SORT uses intersection-over-union (IoU) to create a cost matrix.

DeepSORT can create a cost matrix by combining the cosine distance of appearance feature vectors and the Mahalanobis distance often used in radar. However, in the experiment, the weights of the cosine distance and the Mahalanobis distance are set to 1 and 0, respectively, which means that only the cosine distance is used to create the cost matrix.

Next, we will look at the details of DeepSORT’s cosine distance.

An appearance feature vector corresponding to each detected bounding box is generated using the deep appearance descriptor described later. Let r_j denote the appearance feature vector corresponding to the j-th detection. The track stores up to 100 newest appearance feature vectors corresponding to the assigned detections. Let us denote the k-th appearance feature vector of the i-th track as r_k⁽ⁱ⁾.

The cosine distance d(i, j) between the ith track and the jth detection is defined as
d(i, j) = min{1 – r_j^Tr_k⁽ⁱ⁾ | r_k⁽ⁱ⁾ ∈ {r_k⁽ⁱ⁾}_k=1^L_k}.
The cosine distance d(i, j) is the smallest cosine distance among the appearance feature vectors stored by the i-th track.

Also, DeepSORT has an additional gate matrix that SORT did not have.

Gating is also a popular method in radar, similar to Mahalanobis distance. Basically, a threshold is used to determine if the value is in or out of the gate. If it is judged to be out of the gate, it will be excluded from the assignment target. In the cost matrix, the Mahalanobis distance weights are set to 0, but in the gate matrix, both cosine and Mahalanobis distance results are used.

Matching Cascade

As mentioned above, DeepSORT does not delete confirmed tracks that survive the first 3 frames if the number of frames since the last assignment is less than or equal to the maximum number of frames A_max. This can result in mixed tracks with different number of frames from the last assignment.

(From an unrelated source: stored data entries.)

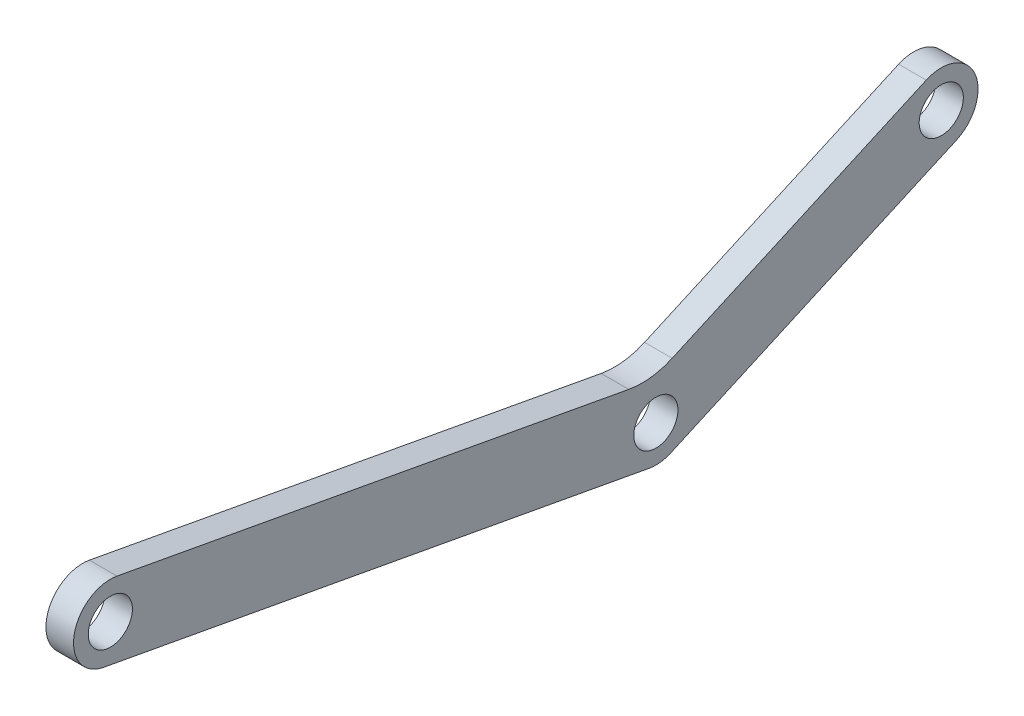
ISO-10303-21;
HEADER;
FILE_DESCRIPTION(('STEP AP214'),'2;1');
FILE_NAME('part.step','',(''),(''),'','','');
FILE_SCHEMA(('AUTOMOTIVE_DESIGN { 1 0 10303 214 1 1 1 1 }'));
ENDSEC;
DATA;
#1=APPLICATION_CONTEXT('core data for automotive mechanical design processes');
#2=APPLICATION_PROTOCOL_DEFINITION('international standard','automotive_design',2000,#1);
#3=PRODUCT_CONTEXT('',#1,'mechanical');
#4=PRODUCT('Part','Part','',(#3));
#5=PRODUCT_RELATED_PRODUCT_CATEGORY('part','',(#4));
#6=PRODUCT_DEFINITION_FORMATION('','',#4);
#7=PRODUCT_DEFINITION_CONTEXT('part definition',#1,'design');
#8=PRODUCT_DEFINITION('design','',#6,#7);
#9=PRODUCT_DEFINITION_SHAPE('','',#8);
#10=(LENGTH_UNIT() NAMED_UNIT(*) SI_UNIT(.MILLI.,.METRE.));
#11=(NAMED_UNIT(*) PLANE_ANGLE_UNIT() SI_UNIT($,.RADIAN.));
#12=(NAMED_UNIT(*) SI_UNIT($,.STERADIAN.) SOLID_ANGLE_UNIT());
#13=UNCERTAINTY_MEASURE_WITH_UNIT(LENGTH_MEASURE(1.E-05),#10,'distance_accuracy_value','');
#14=(GEOMETRIC_REPRESENTATION_CONTEXT(3) GLOBAL_UNCERTAINTY_ASSIGNED_CONTEXT((#13)) GLOBAL_UNIT_ASSIGNED_CONTEXT((#10,
#11,#12)) REPRESENTATION_CONTEXT('',''));
#15=CARTESIAN_POINT('',(0.,0.,0.));
#16=DIRECTION('',(0.,0.,1.));
#17=DIRECTION('',(1.,0.,0.));
#18=AXIS2_PLACEMENT_3D('',#15,#16,#17);
#19=CARTESIAN_POINT('',(-773.875,-73.65,551.64938766));
#20=DIRECTION('',(1.,0.,0.));
#21=DIRECTION('',(0.,0.,-1.));
#22=AXIS2_PLACEMENT_3D('',#19,#20,#21);
#23=PLANE('',#22);
#24=CARTESIAN_POINT('',(-773.875,-128.224072417712,255.133501715319));
#25=DIRECTION('',(1.,0.,0.));
#26=DIRECTION('',(0.,0.,-1.));
#27=AXIS2_PLACEMENT_3D('',#24,#25,#26);
#28=CIRCLE('',#27,12.);
#29=CARTESIAN_POINT('',(-773.875,-128.224072417712,243.133501715318));
#30=VERTEX_POINT('',#29);
#31=EDGE_CURVE('E194',#30,#30,#28,.T.);
#32=ORIENTED_EDGE('',*,*,#31,.F.);
#33=EDGE_LOOP('',(#32));
#34=FACE_BOUND('',#33,.T.);
#35=CARTESIAN_POINT('',(-773.875,-73.65,551.64938766));
#36=DIRECTION('',(1.,0.,0.));
#37=DIRECTION('',(0.,0.,-1.));
#38=AXIS2_PLACEMENT_3D('',#35,#36,#37);
#39=CIRCLE('',#38,20.);
#40=CARTESIAN_POINT('',(-773.875,-53.9803777328953,548.029172214834));
#41=VERTEX_POINT('',#40);
#42=CARTESIAN_POINT('',(-773.875,-93.3196222671047,555.269603105166));
#43=VERTEX_POINT('',#42);
#44=EDGE_CURVE('E157',#41,#43,#39,.T.);
#45=ORIENTED_EDGE('',*,*,#44,.T.);
#46=DIRECTION('',(0.,-0.1810107722583,-0.983481113355236));
#47=VECTOR('',#46,1.);
#48=CARTESIAN_POINT('',(-773.875,-93.3196222671047,555.269603105166));
#49=LINE('',#48,#47);
#50=CARTESIAN_POINT('',(-773.875,-147.893694684817,258.753717160484));
#51=VERTEX_POINT('',#50);
#52=EDGE_CURVE('E105',#43,#51,#49,.T.);
#53=ORIENTED_EDGE('',*,*,#52,.T.);
#54=CARTESIAN_POINT('',(-773.875,-128.224072417712,255.133501715319));
#55=DIRECTION('',(1.,0.,0.));
#56=DIRECTION('',(0.,0.,-1.));
#57=AXIS2_PLACEMENT_3D('',#54,#55,#56);
#58=CIRCLE('',#57,20.);
#59=CARTESIAN_POINT('',(-773.875,-146.475072619514,246.954199077941));
#60=VERTEX_POINT('',#59);
#61=EDGE_CURVE('E172',#51,#60,#58,.T.);
#62=ORIENTED_EDGE('',*,*,#61,.T.);
#63=DIRECTION('',(0.,0.408965131868894,-0.912550010090109));
#64=VECTOR('',#63,1.);
#65=CARTESIAN_POINT('',(-773.875,-76.9510002018022,91.8206973626221));
#66=LINE('',#65,#64);
#67=CARTESIAN_POINT('',(-773.875,-76.9510002018022,91.8206973626221));
#68=VERTEX_POINT('',#67);
#69=EDGE_CURVE('E185',#60,#68,#66,.T.);
#70=ORIENTED_EDGE('',*,*,#69,.T.);
#71=CARTESIAN_POINT('',(-773.875,-58.7,100.));
#72=DIRECTION('',(1.,0.,0.));
#73=DIRECTION('',(0.,0.,-1.));
#74=AXIS2_PLACEMENT_3D('',#71,#72,#73);
#75=CIRCLE('',#74,20.);
#76=CARTESIAN_POINT('',(-773.875,-40.4489997981978,108.179302637378));
#77=VERTEX_POINT('',#76);
#78=EDGE_CURVE('E124',#68,#77,#75,.T.);
#79=ORIENTED_EDGE('',*,*,#78,.T.);
#80=DIRECTION('',(0.,-0.408965131868895,0.912550010090109));
#81=VECTOR('',#80,1.);
#82=CARTESIAN_POINT('',(-773.875,-102.337768012915,246.275662590407));
#83=LINE('',#82,#81);
#84=CARTESIAN_POINT('',(-773.875,-102.337768012915,246.275662590407));
#85=VERTEX_POINT('',#84);
#86=EDGE_CURVE('E118',#77,#85,#83,.T.);
#87=ORIENTED_EDGE('',*,*,#86,.T.);
#88=CARTESIAN_POINT('',(-773.875,-65.8357676093109,262.634267865163));
#89=DIRECTION('',(-1.,0.,0.));
#90=DIRECTION('',(0.,0.,-1.));
#91=AXIS2_PLACEMENT_3D('',#88,#89,#90);
#92=CIRCLE('',#91,40.);
#93=CARTESIAN_POINT('',(-773.875,-105.17501214352,269.874698755495));
#94=VERTEX_POINT('',#93);
#95=EDGE_CURVE('E122',#85,#94,#92,.T.);
#96=ORIENTED_EDGE('',*,*,#95,.T.);
#97=DIRECTION('',(0.,0.1810107722583,0.983481113355236));
#98=VECTOR('',#97,1.);
#99=CARTESIAN_POINT('',(-773.875,-53.9803777328953,548.029172214834));
#100=LINE('',#99,#98);
#101=EDGE_CURVE('E62',#94,#41,#100,.T.);
#102=ORIENTED_EDGE('',*,*,#101,.T.);
#103=EDGE_LOOP('',(#45,#53,#62,#70,#79,#87,#96,#102));
#104=FACE_BOUND('',#103,.T.);
#105=CARTESIAN_POINT('',(-773.875,-58.7,100.));
#106=DIRECTION('',(1.,0.,0.));
#107=DIRECTION('',(0.,0.,-1.));
#108=AXIS2_PLACEMENT_3D('',#105,#106,#107);
#109=CIRCLE('',#108,12.);
#110=CARTESIAN_POINT('',(-773.875,-58.7,88.));
#111=VERTEX_POINT('',#110);
#112=EDGE_CURVE('E146',#111,#111,#109,.T.);
#113=ORIENTED_EDGE('',*,*,#112,.F.);
#114=EDGE_LOOP('',(#113));
#115=FACE_BOUND('',#114,.T.);
#116=CARTESIAN_POINT('',(-773.875,-73.65,551.64938766));
#117=DIRECTION('',(1.,0.,0.));
#118=DIRECTION('',(0.,0.,-1.));
#119=AXIS2_PLACEMENT_3D('',#116,#117,#118);
#120=CIRCLE('',#119,12.0000000000001);
#121=CARTESIAN_POINT('',(-773.875,-73.65,539.64938766));
#122=VERTEX_POINT('',#121);
#123=EDGE_CURVE('E200',#122,#122,#120,.T.);
#124=ORIENTED_EDGE('',*,*,#123,.F.);
#125=EDGE_LOOP('',(#124));
#126=FACE_BOUND('',#125,.T.);
#127=ADVANCED_FACE('F45',(#34,#104,#115,#126),#23,.T.);
#128=CARTESIAN_POINT('',(-788.875,-73.65,551.64938766));
#129=DIRECTION('',(1.,0.,0.));
#130=DIRECTION('',(0.,0.,-1.));
#131=AXIS2_PLACEMENT_3D('',#128,#129,#130);
#132=PLANE('',#131);
#133=CARTESIAN_POINT('',(-788.875,-73.65,551.64938766));
#134=DIRECTION('',(1.,0.,0.));
#135=DIRECTION('',(0.,0.,-1.));
#136=AXIS2_PLACEMENT_3D('',#133,#134,#135);
#137=CIRCLE('',#136,20.);
#138=CARTESIAN_POINT('',(-788.875,-53.9803777328953,548.029172214834));
#139=VERTEX_POINT('',#138);
#140=CARTESIAN_POINT('',(-788.875,-93.3196222671047,555.269603105166));
#141=VERTEX_POINT('',#140);
#142=EDGE_CURVE('E142',#139,#141,#137,.T.);
#143=ORIENTED_EDGE('',*,*,#142,.F.);
#144=DIRECTION('',(0.,0.1810107722583,0.983481113355236));
#145=VECTOR('',#144,1.);
#146=CARTESIAN_POINT('',(-788.875,-53.9803777328953,548.029172214834));
#147=LINE('',#146,#145);
#148=CARTESIAN_POINT('',(-788.875,-105.17501214352,269.874698755495));
#149=VERTEX_POINT('',#148);
#150=EDGE_CURVE('E97',#149,#139,#147,.T.);
#151=ORIENTED_EDGE('',*,*,#150,.F.);
#152=CARTESIAN_POINT('',(-788.875,-65.8357676093109,262.634267865163));
#153=DIRECTION('',(-1.,0.,0.));
#154=DIRECTION('',(0.,0.,-1.));
#155=AXIS2_PLACEMENT_3D('',#152,#153,#154);
#156=CIRCLE('',#155,40.);
#157=CARTESIAN_POINT('',(-788.875,-102.337768012915,246.275662590407));
#158=VERTEX_POINT('',#157);
#159=EDGE_CURVE('E91',#158,#149,#156,.T.);
#160=ORIENTED_EDGE('',*,*,#159,.F.);
#161=DIRECTION('',(0.,-0.408965131868895,0.912550010090109));
#162=VECTOR('',#161,1.);
#163=CARTESIAN_POINT('',(-788.875,-102.337768012915,246.275662590407));
#164=LINE('',#163,#162);
#165=CARTESIAN_POINT('',(-788.875,-40.4489997981978,108.179302637378));
#166=VERTEX_POINT('',#165);
#167=EDGE_CURVE('E132',#166,#158,#164,.T.);
#168=ORIENTED_EDGE('',*,*,#167,.F.);
#169=CARTESIAN_POINT('',(-788.875,-58.7,100.));
#170=DIRECTION('',(1.,0.,0.));
#171=DIRECTION('',(0.,0.,-1.));
#172=AXIS2_PLACEMENT_3D('',#169,#170,#171);
#173=CIRCLE('',#172,20.);
#174=CARTESIAN_POINT('',(-788.875,-76.9510002018022,91.8206973626221));
#175=VERTEX_POINT('',#174);
#176=EDGE_CURVE('E152',#175,#166,#173,.T.);
#177=ORIENTED_EDGE('',*,*,#176,.F.);
#178=DIRECTION('',(0.,0.408965131868894,-0.912550010090109));
#179=VECTOR('',#178,1.);
#180=CARTESIAN_POINT('',(-788.875,-76.9510002018022,91.8206973626221));
#181=LINE('',#180,#179);
#182=CARTESIAN_POINT('',(-788.875,-146.475072619514,246.954199077941));
#183=VERTEX_POINT('',#182);
#184=EDGE_CURVE('E150',#183,#175,#181,.T.);
#185=ORIENTED_EDGE('',*,*,#184,.F.);
#186=CARTESIAN_POINT('',(-788.875,-128.224072417712,255.133501715319));
#187=DIRECTION('',(1.,0.,0.));
#188=DIRECTION('',(0.,0.,-1.));
#189=AXIS2_PLACEMENT_3D('',#186,#187,#188);
#190=CIRCLE('',#189,20.);
#191=CARTESIAN_POINT('',(-788.875,-147.893694684817,258.753717160484));
#192=VERTEX_POINT('',#191);
#193=EDGE_CURVE('E148',#192,#183,#190,.T.);
#194=ORIENTED_EDGE('',*,*,#193,.F.);
#195=DIRECTION('',(0.,-0.1810107722583,-0.983481113355236));
#196=VECTOR('',#195,1.);
#197=CARTESIAN_POINT('',(-788.875,-93.3196222671047,555.269603105166));
#198=LINE('',#197,#196);
#199=EDGE_CURVE('E145',#141,#192,#198,.T.);
#200=ORIENTED_EDGE('',*,*,#199,.F.);
#201=EDGE_LOOP('',(#143,#151,#160,#168,#177,#185,#194,#200));
#202=FACE_BOUND('',#201,.T.);
#203=CARTESIAN_POINT('',(-788.875,-58.7,100.));
#204=DIRECTION('',(1.,0.,0.));
#205=DIRECTION('',(0.,0.,-1.));
#206=AXIS2_PLACEMENT_3D('',#203,#204,#205);
#207=CIRCLE('',#206,12.);
#208=CARTESIAN_POINT('',(-788.875,-58.7,88.));
#209=VERTEX_POINT('',#208);
#210=EDGE_CURVE('E191',#209,#209,#207,.T.);
#211=ORIENTED_EDGE('',*,*,#210,.T.);
#212=EDGE_LOOP('',(#211));
#213=FACE_BOUND('',#212,.T.);
#214=CARTESIAN_POINT('',(-788.875,-128.224072417712,255.133501715319));
#215=DIRECTION('',(1.,0.,0.));
#216=DIRECTION('',(0.,0.,-1.));
#217=AXIS2_PLACEMENT_3D('',#214,#215,#216);
#218=CIRCLE('',#217,12.);
#219=CARTESIAN_POINT('',(-788.875,-128.224072417712,243.133501715318));
#220=VERTEX_POINT('',#219);
#221=EDGE_CURVE('E197',#220,#220,#218,.T.);
#222=ORIENTED_EDGE('',*,*,#221,.T.);
#223=EDGE_LOOP('',(#222));
#224=FACE_BOUND('',#223,.T.);
#225=CARTESIAN_POINT('',(-788.875,-73.65,551.64938766));
#226=DIRECTION('',(1.,0.,0.));
#227=DIRECTION('',(0.,0.,-1.));
#228=AXIS2_PLACEMENT_3D('',#225,#226,#227);
#229=CIRCLE('',#228,12.0000000000001);
#230=CARTESIAN_POINT('',(-788.875,-73.65,539.64938766));
#231=VERTEX_POINT('',#230);
#232=EDGE_CURVE('E203',#231,#231,#229,.T.);
#233=ORIENTED_EDGE('',*,*,#232,.T.);
#234=EDGE_LOOP('',(#233));
#235=FACE_BOUND('',#234,.T.);
#236=ADVANCED_FACE('F176',(#202,#213,#224,#235),#132,.F.);
#237=CARTESIAN_POINT('',(-773.875,-73.65,551.64938766));
#238=DIRECTION('',(-1.,0.,0.));
#239=DIRECTION('',(0.,0.,1.));
#240=AXIS2_PLACEMENT_3D('',#237,#238,#239);
#241=CYLINDRICAL_SURFACE('',#240,20.);
#242=ORIENTED_EDGE('',*,*,#142,.T.);
#243=DIRECTION('',(-1.,0.,0.));
#244=VECTOR('',#243,1.);
#245=CARTESIAN_POINT('',(-773.875,-93.3196222671047,555.269603105166));
#246=LINE('',#245,#244);
#247=EDGE_CURVE('E11',#43,#141,#246,.T.);
#248=ORIENTED_EDGE('',*,*,#247,.F.);
#249=ORIENTED_EDGE('',*,*,#44,.F.);
#250=DIRECTION('',(-1.,0.,0.));
#251=VECTOR('',#250,1.);
#252=CARTESIAN_POINT('',(-773.875,-53.9803777328953,548.029172214834));
#253=LINE('',#252,#251);
#254=EDGE_CURVE('E138',#41,#139,#253,.T.);
#255=ORIENTED_EDGE('',*,*,#254,.T.);
#256=EDGE_LOOP('',(#242,#248,#249,#255));
#257=FACE_BOUND('',#256,.T.);
#258=ADVANCED_FACE('F47',(#257),#241,.T.);
#259=CARTESIAN_POINT('',(-773.875,-93.3196222671047,555.269603105166));
#260=DIRECTION('',(0.,0.983481113355236,-0.1810107722583));
#261=DIRECTION('',(0.,0.1810107722583,0.983481113355236));
#262=AXIS2_PLACEMENT_3D('',#259,#260,#261);
#263=PLANE('',#262);
#264=ORIENTED_EDGE('',*,*,#199,.T.);
#265=DIRECTION('',(-1.,0.,0.));
#266=VECTOR('',#265,1.);
#267=CARTESIAN_POINT('',(-773.875,-147.893694684817,258.753717160484));
#268=LINE('',#267,#266);
#269=EDGE_CURVE('E54',#51,#192,#268,.T.);
#270=ORIENTED_EDGE('',*,*,#269,.F.);
#271=ORIENTED_EDGE('',*,*,#52,.F.);
#272=ORIENTED_EDGE('',*,*,#247,.T.);
#273=EDGE_LOOP('',(#264,#270,#271,#272));
#274=FACE_BOUND('',#273,.T.);
#275=ADVANCED_FACE('F236',(#274),#263,.F.);
#276=CARTESIAN_POINT('',(-773.875,-128.224072417712,255.133501715319));
#277=DIRECTION('',(-1.,0.,0.));
#278=DIRECTION('',(0.,0.,1.));
#279=AXIS2_PLACEMENT_3D('',#276,#277,#278);
#280=CYLINDRICAL_SURFACE('',#279,20.);
#281=ORIENTED_EDGE('',*,*,#193,.T.);
#282=DIRECTION('',(-1.,0.,0.));
#283=VECTOR('',#282,1.);
#284=CARTESIAN_POINT('',(-773.875,-146.475072619514,246.954199077941));
#285=LINE('',#284,#283);
#286=EDGE_CURVE('E164',#60,#183,#285,.T.);
#287=ORIENTED_EDGE('',*,*,#286,.F.);
#288=ORIENTED_EDGE('',*,*,#61,.F.);
#289=ORIENTED_EDGE('',*,*,#269,.T.);
#290=EDGE_LOOP('',(#281,#287,#288,#289));
#291=FACE_BOUND('',#290,.T.);
#292=ADVANCED_FACE('F170',(#291),#280,.T.);
#293=CARTESIAN_POINT('',(-773.875,-76.9510002018022,91.8206973626221));
#294=DIRECTION('',(0.,0.912550010090109,0.408965131868894));
#295=DIRECTION('',(0.,-0.408965131868894,0.912550010090109));
#296=AXIS2_PLACEMENT_3D('',#293,#294,#295);
#297=PLANE('',#296);
#298=ORIENTED_EDGE('',*,*,#184,.T.);
#299=DIRECTION('',(-1.,0.,0.));
#300=VECTOR('',#299,1.);
#301=CARTESIAN_POINT('',(-773.875,-76.9510002018022,91.8206973626221));
#302=LINE('',#301,#300);
#303=EDGE_CURVE('E161',#68,#175,#302,.T.);
#304=ORIENTED_EDGE('',*,*,#303,.F.);
#305=ORIENTED_EDGE('',*,*,#69,.F.);
#306=ORIENTED_EDGE('',*,*,#286,.T.);
#307=EDGE_LOOP('',(#298,#304,#305,#306));
#308=FACE_BOUND('',#307,.T.);
#309=ADVANCED_FACE('F181',(#308),#297,.F.);
#310=CARTESIAN_POINT('',(-773.875,-58.7,100.));
#311=DIRECTION('',(-1.,0.,0.));
#312=DIRECTION('',(0.,0.,1.));
#313=AXIS2_PLACEMENT_3D('',#310,#311,#312);
#314=CYLINDRICAL_SURFACE('',#313,20.);
#315=ORIENTED_EDGE('',*,*,#176,.T.);
#316=DIRECTION('',(-1.,0.,0.));
#317=VECTOR('',#316,1.);
#318=CARTESIAN_POINT('',(-773.875,-40.4489997981978,108.179302637378));
#319=LINE('',#318,#317);
#320=EDGE_CURVE('E133',#77,#166,#319,.T.);
#321=ORIENTED_EDGE('',*,*,#320,.F.);
#322=ORIENTED_EDGE('',*,*,#78,.F.);
#323=ORIENTED_EDGE('',*,*,#303,.T.);
#324=EDGE_LOOP('',(#315,#321,#322,#323));
#325=FACE_BOUND('',#324,.T.);
#326=ADVANCED_FACE('F184',(#325),#314,.T.);
#327=CARTESIAN_POINT('',(-773.875,-102.337768012915,246.275662590407));
#328=DIRECTION('',(0.,-0.912550010090109,-0.408965131868895));
#329=DIRECTION('',(0.,0.408965131868895,-0.912550010090109));
#330=AXIS2_PLACEMENT_3D('',#327,#328,#329);
#331=PLANE('',#330);
#332=ORIENTED_EDGE('',*,*,#167,.T.);
#333=DIRECTION('',(-1.,0.,0.));
#334=VECTOR('',#333,1.);
#335=CARTESIAN_POINT('',(-773.875,-102.337768012915,246.275662590407));
#336=LINE('',#335,#334);
#337=EDGE_CURVE('E129',#85,#158,#336,.T.);
#338=ORIENTED_EDGE('',*,*,#337,.F.);
#339=ORIENTED_EDGE('',*,*,#86,.F.);
#340=ORIENTED_EDGE('',*,*,#320,.T.);
#341=EDGE_LOOP('',(#332,#338,#339,#340));
#342=FACE_BOUND('',#341,.T.);
#343=ADVANCED_FACE('F130',(#342),#331,.F.);
#344=CARTESIAN_POINT('',(-773.875,-65.8357676093109,262.634267865163));
#345=DIRECTION('',(-1.,0.,0.));
#346=DIRECTION('',(0.,0.,1.));
#347=AXIS2_PLACEMENT_3D('',#344,#345,#346);
#348=CYLINDRICAL_SURFACE('',#347,40.);
#349=ORIENTED_EDGE('',*,*,#159,.T.);
#350=DIRECTION('',(-1.,0.,0.));
#351=VECTOR('',#350,1.);
#352=CARTESIAN_POINT('',(-773.875,-105.17501214352,269.874698755495));
#353=LINE('',#352,#351);
#354=EDGE_CURVE('E134',#94,#149,#353,.T.);
#355=ORIENTED_EDGE('',*,*,#354,.F.);
#356=ORIENTED_EDGE('',*,*,#95,.F.);
#357=ORIENTED_EDGE('',*,*,#337,.T.);
#358=EDGE_LOOP('',(#349,#355,#356,#357));
#359=FACE_BOUND('',#358,.T.);
#360=ADVANCED_FACE('F136',(#359),#348,.F.);
#361=CARTESIAN_POINT('',(-773.875,-53.9803777328953,548.029172214834));
#362=DIRECTION('',(0.,-0.983481113355236,0.1810107722583));
#363=DIRECTION('',(0.,-0.1810107722583,-0.983481113355236));
#364=AXIS2_PLACEMENT_3D('',#361,#362,#363);
#365=PLANE('',#364);
#366=ORIENTED_EDGE('',*,*,#150,.T.);
#367=ORIENTED_EDGE('',*,*,#254,.F.);
#368=ORIENTED_EDGE('',*,*,#101,.F.);
#369=ORIENTED_EDGE('',*,*,#354,.T.);
#370=EDGE_LOOP('',(#366,#367,#368,#369));
#371=FACE_BOUND('',#370,.T.);
#372=ADVANCED_FACE('F224',(#371),#365,.F.);
#373=CARTESIAN_POINT('',(-773.875,-58.7,100.));
#374=DIRECTION('',(-1.,0.,0.));
#375=DIRECTION('',(0.,0.,1.));
#376=AXIS2_PLACEMENT_3D('',#373,#374,#375);
#377=CYLINDRICAL_SURFACE('',#376,12.);
#378=ORIENTED_EDGE('',*,*,#112,.T.);
#379=EDGE_LOOP('',(#378));
#380=FACE_BOUND('',#379,.T.);
#381=ORIENTED_EDGE('',*,*,#210,.F.);
#382=EDGE_LOOP('',(#381));
#383=FACE_BOUND('',#382,.T.);
#384=ADVANCED_FACE('F221',(#380,#383),#377,.F.);
#385=CARTESIAN_POINT('',(-773.875,-128.224072417712,255.133501715319));
#386=DIRECTION('',(-1.,0.,0.));
#387=DIRECTION('',(0.,0.,1.));
#388=AXIS2_PLACEMENT_3D('',#385,#386,#387);
#389=CYLINDRICAL_SURFACE('',#388,12.);
#390=ORIENTED_EDGE('',*,*,#31,.T.);
#391=EDGE_LOOP('',(#390));
#392=FACE_BOUND('',#391,.T.);
#393=ORIENTED_EDGE('',*,*,#221,.F.);
#394=EDGE_LOOP('',(#393));
#395=FACE_BOUND('',#394,.T.);
#396=ADVANCED_FACE('F302',(#392,#395),#389,.F.);
#397=CARTESIAN_POINT('',(-773.875,-73.65,551.64938766));
#398=DIRECTION('',(-1.,0.,0.));
#399=DIRECTION('',(0.,0.,1.));
#400=AXIS2_PLACEMENT_3D('',#397,#398,#399);
#401=CYLINDRICAL_SURFACE('',#400,12.0000000000001);
#402=ORIENTED_EDGE('',*,*,#123,.T.);
#403=EDGE_LOOP('',(#402));
#404=FACE_BOUND('',#403,.T.);
#405=ORIENTED_EDGE('',*,*,#232,.F.);
#406=EDGE_LOOP('',(#405));
#407=FACE_BOUND('',#406,.T.);
#408=ADVANCED_FACE('F209',(#404,#407),#401,.F.);
#409=CLOSED_SHELL('',(#127,#236,#258,#275,#292,#309,#326,#343,#360,#372,#384,#396,#408));
#410=MANIFOLD_SOLID_BREP('B2',#409);
#411=ADVANCED_BREP_SHAPE_REPRESENTATION('',(#18,#410),#14);
#412=SHAPE_DEFINITION_REPRESENTATION(#9,#411);
ENDSEC;
END-ISO-10303-21;

The matching cascade addresses the above situation by making assignments to tracks with the lowest number of frames since the last assignment.

Deep Appearance Descriptor

DeepSORT uses an appearance feature vector corresponding to each detected bounding box, as described in assignment problem.

The deep appearance descriptor generates the above appearance feature vector. As you can imagine from the name of deep, convolutional neural network (CNN) is used.

Summary

In this article, we reviewed DeepSORT, which was published in 2017 and has influencing current multiple object tracking.

DeepSORT improves SORT performance by integrating appearance information. DeepSORT uses a deep learning model to output appearance features for bounding box regions detected by an object detection model. The appearance features from the deep learning model are converted to a cost matrix, and the cost matrix is used to perform data association, detection and track association. As a result, the number of ID switches due to occlusion, which is an issue of SORT, is effectively reduced.